# buckeye lake



## fishforlife (Jul 29, 2008)

just woundering if anyone is getting any gills and crappie. ? might head down to lake just to fish and enjoy the lake. If anything get some pizza cottage great food. thanks for help if any and if not have a good day fishing and enjoy the lake


----------



## puterdude (Jan 27, 2006)

Should be a tad bit early for the fall crappie bite,but the gills should co-operate.If fishing from the boat it should be better odds,if not there is always good food & beverage at the pizza cottage


----------



## KWaller (Oct 3, 2010)

Shot shallow docks and toons tonight. The bluegills (big ones) were cooperating but only one keeper crappie a lil over 11 inches. Don't use shad color, too many of em, try something that will stick out and get there attention. 
Good luck,
Kyle
HPT
CP

BTW
Dad got that one not me

Outdoor Hub mobile, the outdoor information engine


----------



## ethanf163 (Feb 11, 2011)

puterdude said:


> Should be a tad bit early for the fall crappie bite,but the gills should co-operate.If fishing from the boat it should be better odds,if not there is always good food & beverage at the pizza cottage


I've caught so many crappie the past 3 weeks at that lake that it's getting boring.. Every cast I caught a crappie.. Have a freezer full now. Just got to know what to use.. I think I found the perfect bait.


----------



## puterdude (Jan 27, 2006)

Wow man,I'm 58 years old,lived around that lake all my life.Have fished her thousands of times,I'm yet to catch a fish every cast.You're way too good for me


----------



## fishforlife (Jul 29, 2008)

thanks alot hope weather holds out we should be down even if we dont get one every cast is a great lake.


----------



## Enthusiast (Jun 20, 2011)

KWaller said:


> Shot shallow docks and toons tonight. The bluegills (big ones) were cooperating but only one keeper crappie a lil over 11 inches. Don't use shad color, too many of em, try something that will stick out and get there attention.
> Good luck,
> Kyle
> HPT
> ...


Hi Kyle. This is my very first post here.

Could you tell me what you mean when you say you "Shot shallow docks and toons tonight." Thanks.

Also, if it isn't too much trouble, what did you catch the bluegills and crappies on? Colored jigs, like little tubes and such? Did you use a bobber? :F Thanks.


----------



## Enthusiast (Jun 20, 2011)

ethanf163 said:


> I've caught so many crappie the past 3 weeks at that lake that it's getting boring.. Every cast I caught a crappie.. Have a freezer full now. Just got to know what to use.. I think I found the perfect bait.


Hey, Ethan. That sounds pretty dang good. 

Seeing as how this is my second ever post on this here forum maybe you would feel sorry for me, me being such a dang dummy and all, and tell me what your perfect crappie bait is.
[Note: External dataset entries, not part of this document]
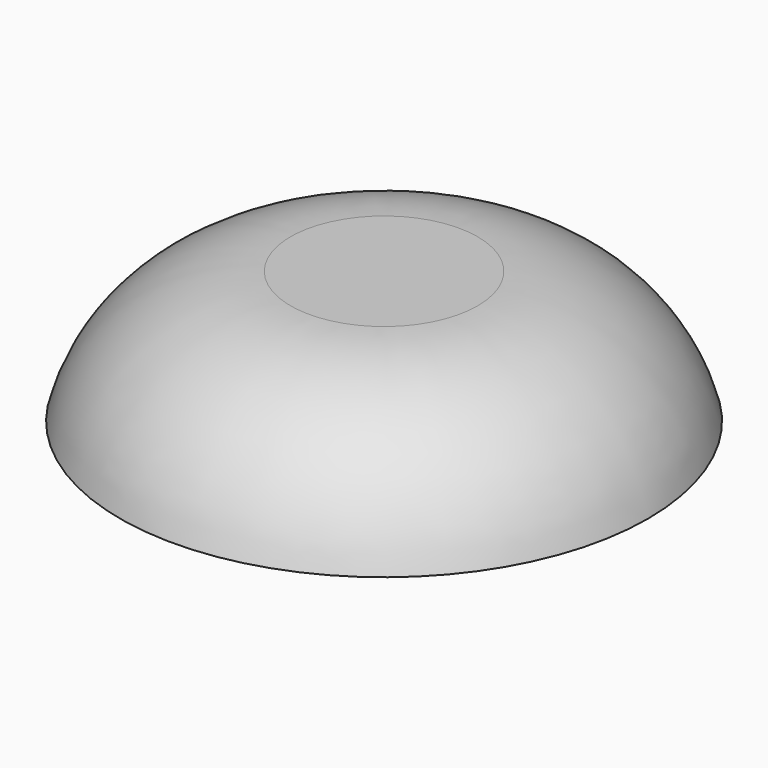
from build123d import *

# Parameters (mm, degrees)
F0_R     = 7.62
F1_DEPTH = 3.81
F3_R     = 5.715
F4_DEPTH = 1.27


# Not quite as in the source:
# - a fillet or chamfer that OpenCascade refuses, or shapes differently, is made with other operations: its cross-section is extruded or revolved along the edge and cut away or added


with BuildPart() as f1:
    # F0 (on Top) → F1 (new body)
    with BuildSketch(Plane.XY):
        Circle(F0_R)
    extrude(amount=F1_DEPTH)

    # F2: fillet of radius 5.08 on 1 edges, made by hand

    # F2_s1 → F2_t2 (revolve, cut)
    with BuildSketch(Plane.XZ):
        with BuildLine():
            ThreePointArc((7.62, 0), (5.8121631237, 2.7460926284), (2.7013111503, 3.81))
            Line((2.7013111503, 3.81), (7.62, 3.81))
            Line((7.62, 3.81), (7.62, 0))
        make_face()
    revolve(axis=Axis((0, 0, 3.81), (0, 0, 1)), mode=Mode.SUBTRACT)

    # F3 (on face) → F4 (cut)
    with BuildSketch(Plane(origin=(0, 0, 0), x_dir=(1, 0, 0), z_dir=(0, 0, -1))):
        Circle(F3_R)
    extrude(amount=-F4_DEPTH, mode=Mode.SUBTRACT)


solid = f1.part

Maybe not.


----------



## ethanf163 (Feb 11, 2011)

Okay maybe not EVERY cast.. But pretty dang close.. Screw grubs are the best bait i've ever used by far and I have only known about them for about 2 months now.


----------



## BigDub007 (Apr 1, 2010)

puterdude said:


> Wow man,I'm 58 years old,lived around that lake all my life.Have fished her thousands of times,I'm yet to catch a fish every cast.You're way too good for me


 Dick dont be so modest ......I belive we caught one every cast when we were trollin for them wippers :]:T


----------



## fishforlife (Jul 29, 2008)

hey the dock shooting . i just got that new line nanofil by berkley little out there price but really goes far and cant see in water and the fish cant either. like braid line but not. is real good if just starting shooting goes real far. Good luck and dont catch them all save alittle for us down on st marys. lake is not too bad but i have been really sick and have not been able to get out. My illness has nothing to do with lake. lake looks and fishes good just love buckeye lake.


----------



## fishforlife (Jul 29, 2008)

hey was good day got alot of small ones. and alot of gills. only fished 3 hrs . didnt keep any water temp was high 81 . is a great lake and alot of bait fish.


----------



## Saugeyefisher (Jul 19, 2010)

Any Baitfish hanging around the ramps or parks???
Thanks
Bobby


----------



## Ripley (May 10, 2010)

ethanf163 said:


> Okay maybe not EVERY cast.. But pretty dang close.. Screw grubs are the best bait i've ever used by far and I have only known about them for about 2 months now.


I've never heard of a screw grub... what are they?

do they have a different name that i may know them by?


----------



## KWaller (Oct 3, 2010)

Enthusiast said:


> Hi Kyle. This is my very first post here.
> 
> Could you tell me what you mean when you say you "Shot shallow docks and toons tonight." Thanks.
> 
> Also, if it isn't too much trouble, what did you catch the bluegills and crappies on? Colored jigs, like little tubes and such? Did you use a bobber? :F Thanks.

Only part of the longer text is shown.